The pick-up in hiring in November lifted annual employment growth to 1.1 percent, from 0.9 percent in October, bringing it nearer the historical trend of around 1.5 percent.

Traditional big employers such as retail and construction have been shedding jobs, while manufacturing has suffered under a high currency and intense competition.

Construction and housing were particularly badly hit, and this is one area the RBA is keen to stimulate with lower rates.

However, the impact of its easing is being muted because the banks, pleading higher funding costs, are only passing on some of the cuts in their mortgage rates.
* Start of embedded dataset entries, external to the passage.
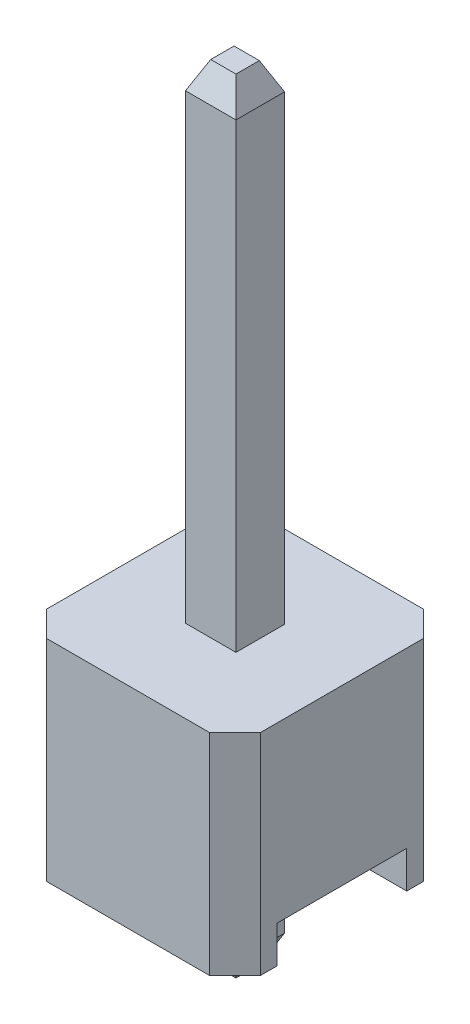
ISO-10303-21;
HEADER;
FILE_DESCRIPTION(('STEP AP214'),'2;1');
FILE_NAME('part.step','',(''),(''),'','','');
FILE_SCHEMA(('AUTOMOTIVE_DESIGN { 1 0 10303 214 1 1 1 1 }'));
ENDSEC;
DATA;
#1=APPLICATION_CONTEXT('core data for automotive mechanical design processes');
#2=APPLICATION_PROTOCOL_DEFINITION('international standard','automotive_design',2000,#1);
#3=PRODUCT_CONTEXT('',#1,'mechanical');
#4=PRODUCT('Part','Part','',(#3));
#5=PRODUCT_RELATED_PRODUCT_CATEGORY('part','',(#4));
#6=PRODUCT_DEFINITION_FORMATION('','',#4);
#7=PRODUCT_DEFINITION_CONTEXT('part definition',#1,'design');
#8=PRODUCT_DEFINITION('design','',#6,#7);
#9=PRODUCT_DEFINITION_SHAPE('','',#8);
#10=(LENGTH_UNIT() NAMED_UNIT(*) SI_UNIT(.MILLI.,.METRE.));
#11=(NAMED_UNIT(*) PLANE_ANGLE_UNIT() SI_UNIT($,.RADIAN.));
#12=(NAMED_UNIT(*) SI_UNIT($,.STERADIAN.) SOLID_ANGLE_UNIT());
#13=UNCERTAINTY_MEASURE_WITH_UNIT(LENGTH_MEASURE(1.E-05),#10,'distance_accuracy_value','');
#14=(GEOMETRIC_REPRESENTATION_CONTEXT(3) GLOBAL_UNCERTAINTY_ASSIGNED_CONTEXT((#13)) GLOBAL_UNIT_ASSIGNED_CONTEXT((#10,
#11,#12)) REPRESENTATION_CONTEXT('',''));
#15=CARTESIAN_POINT('',(0.,0.,0.));
#16=DIRECTION('',(0.,0.,1.));
#17=DIRECTION('',(1.,0.,0.));
#18=AXIS2_PLACEMENT_3D('',#15,#16,#17);
#19=CARTESIAN_POINT('',(15.6674969604626,-5.69124998633488,-0.267125953881934));
#20=DIRECTION('',(0.,-1.,0.));
#21=DIRECTION('',(0.,0.,-1.));
#22=AXIS2_PLACEMENT_3D('',#19,#20,#21);
#23=PLANE('',#22);
#24=DIRECTION('',(1.,0.,0.));
#25=VECTOR('',#24,1.);
#26=CARTESIAN_POINT('',(15.0674969604626,-5.69124998633488,-0.117125953881934));
#27=LINE('',#26,#25);
#28=CARTESIAN_POINT('',(15.2174969604626,-5.69124998633488,-0.117125953881935));
#29=VERTEX_POINT('',#28);
#30=CARTESIAN_POINT('',(15.5174969604626,-5.69124998633488,-0.117125953881935));
#31=VERTEX_POINT('',#30);
#32=EDGE_CURVE('E194',#29,#31,#27,.T.);
#33=ORIENTED_EDGE('',*,*,#32,.T.);
#34=DIRECTION('',(0.,0.,1.));
#35=VECTOR('',#34,1.);
#36=CARTESIAN_POINT('',(15.5174969604626,-5.69124998633488,-0.267125953881934));
#37=LINE('',#36,#35);
#38=CARTESIAN_POINT('',(15.5174969604626,-5.69124998633488,0.160380176225975));
#39=VERTEX_POINT('',#38);
#40=EDGE_CURVE('E179',#31,#39,#37,.T.);
#41=ORIENTED_EDGE('',*,*,#40,.T.);
#42=DIRECTION('',(1.,0.,0.));
#43=VECTOR('',#42,1.);
#44=CARTESIAN_POINT('',(15.6674969604626,-5.69124998633488,0.160380176225975));
#45=LINE('',#44,#43);
#46=CARTESIAN_POINT('',(15.2174969604626,-5.69124998633488,0.160380176225975));
#47=VERTEX_POINT('',#46);
#48=EDGE_CURVE('E20',#39,#47,#45,.F.);
#49=ORIENTED_EDGE('',*,*,#48,.T.);
#50=DIRECTION('',(0.,0.,1.));
#51=VECTOR('',#50,1.);
#52=CARTESIAN_POINT('',(15.2174969604626,-5.69124998633488,0.310380176225974));
#53=LINE('',#52,#51);
#54=EDGE_CURVE('E174',#47,#29,#53,.F.);
#55=ORIENTED_EDGE('',*,*,#54,.T.);
#56=EDGE_LOOP('',(#33,#41,#49,#55));
#57=FACE_BOUND('',#56,.T.);
#58=ADVANCED_FACE('F17',(#57),#23,.T.);
#59=CARTESIAN_POINT('',(15.6674969604626,-5.36957394825845,0.310380176225975));
#60=DIRECTION('',(0.,0.4226182617407,-0.90630778703665));
#61=DIRECTION('',(0.,0.90630778703665,0.4226182617407));
#62=AXIS2_PLACEMENT_3D('',#59,#60,#61);
#63=PLANE('',#62);
#64=DIRECTION('',(1.,0.,0.));
#65=VECTOR('',#64,1.);
#66=CARTESIAN_POINT('',(15.6674969604626,-5.36957394825845,0.310380176225975));
#67=LINE('',#66,#65);
#68=CARTESIAN_POINT('',(15.0674969604626,-5.36957394825845,0.310380176225975));
#69=VERTEX_POINT('',#68);
#70=CARTESIAN_POINT('',(15.6674969604626,-5.36957394825845,0.310380176225975));
#71=VERTEX_POINT('',#70);
#72=EDGE_CURVE('E186',#69,#71,#67,.T.);
#73=ORIENTED_EDGE('',*,*,#72,.F.);
#74=DIRECTION('',(0.389281620635028,-0.834817129478988,-0.389281620635023));
#75=VECTOR('',#74,1.);
#76=CARTESIAN_POINT('',(15.0674969604626,-5.36957394825845,0.310380176225974));
#77=LINE('',#76,#75);
#78=EDGE_CURVE('E182',#69,#47,#77,.T.);
#79=ORIENTED_EDGE('',*,*,#78,.T.);
#80=ORIENTED_EDGE('',*,*,#48,.F.);
#81=DIRECTION('',(0.389281620635027,0.834817129478987,0.389281620635025));
#82=VECTOR('',#81,1.);
#83=CARTESIAN_POINT('',(15.5174969604626,-5.69124998633488,0.160380176225975));
#84=LINE('',#83,#82);
#85=EDGE_CURVE('E202',#39,#71,#84,.T.);
#86=ORIENTED_EDGE('',*,*,#85,.T.);
#87=EDGE_LOOP('',(#73,#79,#80,#86));
#88=FACE_BOUND('',#87,.T.);
#89=ADVANCED_FACE('F184',(#88),#63,.F.);
#90=CARTESIAN_POINT('',(15.0674969604626,-5.36957394825845,0.310380176225974));
#91=DIRECTION('',(0.906307787036649,0.422618261740701,0.));
#92=DIRECTION('',(-0.422618261740701,0.906307787036649,0.));
#93=AXIS2_PLACEMENT_3D('',#90,#91,#92);
#94=PLANE('',#93);
#95=ORIENTED_EDGE('',*,*,#54,.F.);
#96=ORIENTED_EDGE('',*,*,#78,.F.);
#97=DIRECTION('',(0.,0.,1.));
#98=VECTOR('',#97,1.);
#99=CARTESIAN_POINT('',(15.0674969604626,-5.36957394825845,0.310380176225974));
#100=LINE('',#99,#98);
#101=CARTESIAN_POINT('',(15.0674969604626,-5.36957394825845,-0.267125953881935));
#102=VERTEX_POINT('',#101);
#103=EDGE_CURVE('E205',#102,#69,#100,.T.);
#104=ORIENTED_EDGE('',*,*,#103,.F.);
#105=DIRECTION('',(0.389281620635027,-0.834817129478986,0.389281620635026));
#106=VECTOR('',#105,1.);
#107=CARTESIAN_POINT('',(15.0674969604626,-5.36957394825845,-0.267125953881935));
#108=LINE('',#107,#106);
#109=EDGE_CURVE('E191',#102,#29,#108,.T.);
#110=ORIENTED_EDGE('',*,*,#109,.T.);
#111=EDGE_LOOP('',(#95,#96,#104,#110));
#112=FACE_BOUND('',#111,.T.);
#113=ADVANCED_FACE('F189',(#112),#94,.F.);
#114=CARTESIAN_POINT('',(15.0674969604626,-5.36957394825845,-0.267125953881935));
#115=DIRECTION('',(0.,0.422618261740701,0.906307787036649));
#116=DIRECTION('',(0.,-0.906307787036649,0.422618261740701));
#117=AXIS2_PLACEMENT_3D('',#114,#115,#116);
#118=PLANE('',#117);
#119=ORIENTED_EDGE('',*,*,#32,.F.);
#120=ORIENTED_EDGE('',*,*,#109,.F.);
#121=DIRECTION('',(-1.,0.,0.));
#122=VECTOR('',#121,1.);
#123=CARTESIAN_POINT('',(15.0674969604626,-5.36957394825845,-0.267125953881935));
#124=LINE('',#123,#122);
#125=CARTESIAN_POINT('',(15.6674969604626,-5.36957394825845,-0.267125953881934));
#126=VERTEX_POINT('',#125);
#127=EDGE_CURVE('E211',#126,#102,#124,.T.);
#128=ORIENTED_EDGE('',*,*,#127,.F.);
#129=DIRECTION('',(-0.389281620635028,-0.834817129478988,0.389281620635023));
#130=VECTOR('',#129,1.);
#131=CARTESIAN_POINT('',(15.6674969604626,-5.36957394825845,-0.267125953881934));
#132=LINE('',#131,#130);
#133=EDGE_CURVE('E198',#126,#31,#132,.T.);
#134=ORIENTED_EDGE('',*,*,#133,.T.);
#135=EDGE_LOOP('',(#119,#120,#128,#134));
#136=FACE_BOUND('',#135,.T.);
#137=ADVANCED_FACE('F518',(#136),#118,.F.);
#138=CARTESIAN_POINT('',(15.6674969604626,-5.36957394825845,-0.267125953881934));
#139=DIRECTION('',(-0.906307787036649,0.422618261740701,0.));
#140=DIRECTION('',(-0.422618261740701,-0.906307787036649,0.));
#141=AXIS2_PLACEMENT_3D('',#138,#139,#140);
#142=PLANE('',#141);
#143=ORIENTED_EDGE('',*,*,#40,.F.);
#144=ORIENTED_EDGE('',*,*,#133,.F.);
#145=DIRECTION('',(0.,0.,-1.));
#146=VECTOR('',#145,1.);
#147=CARTESIAN_POINT('',(15.6674969604626,-5.36957394825845,-0.267125953881934));
#148=LINE('',#147,#146);
#149=EDGE_CURVE('E220',#71,#126,#148,.T.);
#150=ORIENTED_EDGE('',*,*,#149,.F.);
#151=ORIENTED_EDGE('',*,*,#85,.F.);
#152=EDGE_LOOP('',(#143,#144,#150,#151));
#153=FACE_BOUND('',#152,.T.);
#154=ADVANCED_FACE('F514',(#153),#142,.F.);
#155=CARTESIAN_POINT('',(15.6674969604626,-5.69124998633488,0.310380176225975));
#156=DIRECTION('',(0.,0.,1.));
#157=DIRECTION('',(1.,0.,0.));
#158=AXIS2_PLACEMENT_3D('',#155,#156,#157);
#159=PLANE('',#158);
#160=DIRECTION('',(0.,1.,0.));
#161=VECTOR('',#160,1.);
#162=CARTESIAN_POINT('',(15.6674969604626,-5.69124998633488,0.310380176225975));
#163=LINE('',#162,#161);
#164=CARTESIAN_POINT('',(15.6674969604626,-4.25124998633488,0.310380176225975));
#165=VERTEX_POINT('',#164);
#166=EDGE_CURVE('E217',#165,#71,#163,.F.);
#167=ORIENTED_EDGE('',*,*,#166,.F.);
#168=DIRECTION('',(1.,0.,0.));
#169=VECTOR('',#168,1.);
#170=CARTESIAN_POINT('',(14.0974969604626,-4.25124998633488,0.310380176225975));
#171=LINE('',#170,#169);
#172=CARTESIAN_POINT('',(15.0674969604626,-4.25124998633488,0.310380176225975));
#173=VERTEX_POINT('',#172);
#174=EDGE_CURVE('E230',#165,#173,#171,.F.);
#175=ORIENTED_EDGE('',*,*,#174,.T.);
#176=DIRECTION('',(0.,1.,0.));
#177=VECTOR('',#176,1.);
#178=CARTESIAN_POINT('',(15.0674969604626,-5.69124998633488,0.310380176225974));
#179=LINE('',#178,#177);
#180=EDGE_CURVE('E208',#69,#173,#179,.T.);
#181=ORIENTED_EDGE('',*,*,#180,.F.);
#182=ORIENTED_EDGE('',*,*,#72,.T.);
#183=EDGE_LOOP('',(#167,#175,#181,#182));
#184=FACE_BOUND('',#183,.T.);
#185=ADVANCED_FACE('F510',(#184),#159,.T.);
#186=CARTESIAN_POINT('',(15.0674969604626,-5.69124998633488,0.310380176225974));
#187=DIRECTION('',(-1.,0.,0.));
#188=DIRECTION('',(0.,0.,1.));
#189=AXIS2_PLACEMENT_3D('',#186,#187,#188);
#190=PLANE('',#189);
#191=ORIENTED_EDGE('',*,*,#180,.T.);
#192=DIRECTION('',(0.,0.,1.));
#193=VECTOR('',#192,1.);
#194=CARTESIAN_POINT('',(15.0674969604626,-4.25124998633488,0.791627111172019));
#195=LINE('',#194,#193);
#196=CARTESIAN_POINT('',(15.0674969604626,-4.25124998633488,-0.267125953881935));
#197=VERTEX_POINT('',#196);
#198=EDGE_CURVE('E232',#173,#197,#195,.F.);
#199=ORIENTED_EDGE('',*,*,#198,.T.);
#200=DIRECTION('',(0.,1.,0.));
#201=VECTOR('',#200,1.);
#202=CARTESIAN_POINT('',(15.0674969604626,-5.69124998633488,-0.267125953881935));
#203=LINE('',#202,#201);
#204=EDGE_CURVE('E214',#102,#197,#203,.T.);
#205=ORIENTED_EDGE('',*,*,#204,.F.);
#206=ORIENTED_EDGE('',*,*,#103,.T.);
#207=EDGE_LOOP('',(#191,#199,#205,#206));
#208=FACE_BOUND('',#207,.T.);
#209=ADVANCED_FACE('F506',(#208),#190,.T.);
#210=CARTESIAN_POINT('',(15.0674969604626,-5.69124998633488,-0.267125953881935));
#211=DIRECTION('',(0.,0.,-1.));
#212=DIRECTION('',(-1.,0.,0.));
#213=AXIS2_PLACEMENT_3D('',#210,#211,#212);
#214=PLANE('',#213);
#215=ORIENTED_EDGE('',*,*,#204,.T.);
#216=DIRECTION('',(1.,0.,0.));
#217=VECTOR('',#216,1.);
#218=CARTESIAN_POINT('',(14.0974969604626,-4.25124998633488,-0.267125953881935));
#219=LINE('',#218,#217);
#220=CARTESIAN_POINT('',(15.6674969604626,-4.25124998633488,-0.267125953881935));
#221=VERTEX_POINT('',#220);
#222=EDGE_CURVE('E234',#197,#221,#219,.T.);
#223=ORIENTED_EDGE('',*,*,#222,.T.);
#224=DIRECTION('',(0.,1.,0.));
#225=VECTOR('',#224,1.);
#226=CARTESIAN_POINT('',(15.6674969604626,-5.69124998633488,-0.267125953881934));
#227=LINE('',#226,#225);
#228=EDGE_CURVE('E223',#126,#221,#227,.T.);
#229=ORIENTED_EDGE('',*,*,#228,.F.);
#230=ORIENTED_EDGE('',*,*,#127,.T.);
#231=EDGE_LOOP('',(#215,#223,#229,#230));
#232=FACE_BOUND('',#231,.T.);
#233=ADVANCED_FACE('F502',(#232),#214,.T.);
#234=CARTESIAN_POINT('',(15.6674969604626,-5.69124998633488,-0.267125953881934));
#235=DIRECTION('',(1.,0.,0.));
#236=DIRECTION('',(0.,0.,-1.));
#237=AXIS2_PLACEMENT_3D('',#234,#235,#236);
#238=PLANE('',#237);
#239=ORIENTED_EDGE('',*,*,#228,.T.);
#240=DIRECTION('',(0.,0.,1.));
#241=VECTOR('',#240,1.);
#242=CARTESIAN_POINT('',(15.6674969604626,-4.25124998633488,0.791627111172019));
#243=LINE('',#242,#241);
#244=EDGE_CURVE('E236',#221,#165,#243,.T.);
#245=ORIENTED_EDGE('',*,*,#244,.T.);
#246=ORIENTED_EDGE('',*,*,#166,.T.);
#247=ORIENTED_EDGE('',*,*,#149,.T.);
#248=EDGE_LOOP('',(#239,#245,#246,#247));
#249=FACE_BOUND('',#248,.T.);
#250=ADVANCED_FACE('F498',(#249),#238,.T.);
#251=CARTESIAN_POINT('',(14.0974969604626,-4.25124998633488,0.791627111172019));
#252=DIRECTION('',(0.,1.,0.));
#253=DIRECTION('',(0.,0.,1.));
#254=AXIS2_PLACEMENT_3D('',#251,#252,#253);
#255=PLANE('',#254);
#256=ORIENTED_EDGE('',*,*,#222,.F.);
#257=ORIENTED_EDGE('',*,*,#198,.F.);
#258=ORIENTED_EDGE('',*,*,#174,.F.);
#259=ORIENTED_EDGE('',*,*,#244,.F.);
#260=EDGE_LOOP('',(#256,#257,#258,#259));
#261=FACE_BOUND('',#260,.T.);
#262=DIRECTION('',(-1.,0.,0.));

When the RBA took the cash rate to 3 percent during the global financial crisis, it dragged mortgage rates down to 5.75 percent, with great effect. This time, rates on home loans are only down around 6.45 percent even after this week's easing.

This was a point highlighted by RBA Deputy Governor Philip Lowe in a speech on Wednesday. "A 3 percent cash rate today is not the same as a 3 percent cash rate in the past," said Lowe, arguing that the "normal" level for both the cash rate and lending rates was lower than in the past couple of decades.

He also argued that lower rates were also needed to offset some of the effects of an "uncomfortably high" Australian dollar.

The currency actually rose to near $1.0500 this week even after the RBA cut rates to levels last seen in 2009, when the currency had been closer to 60 U.S. cents.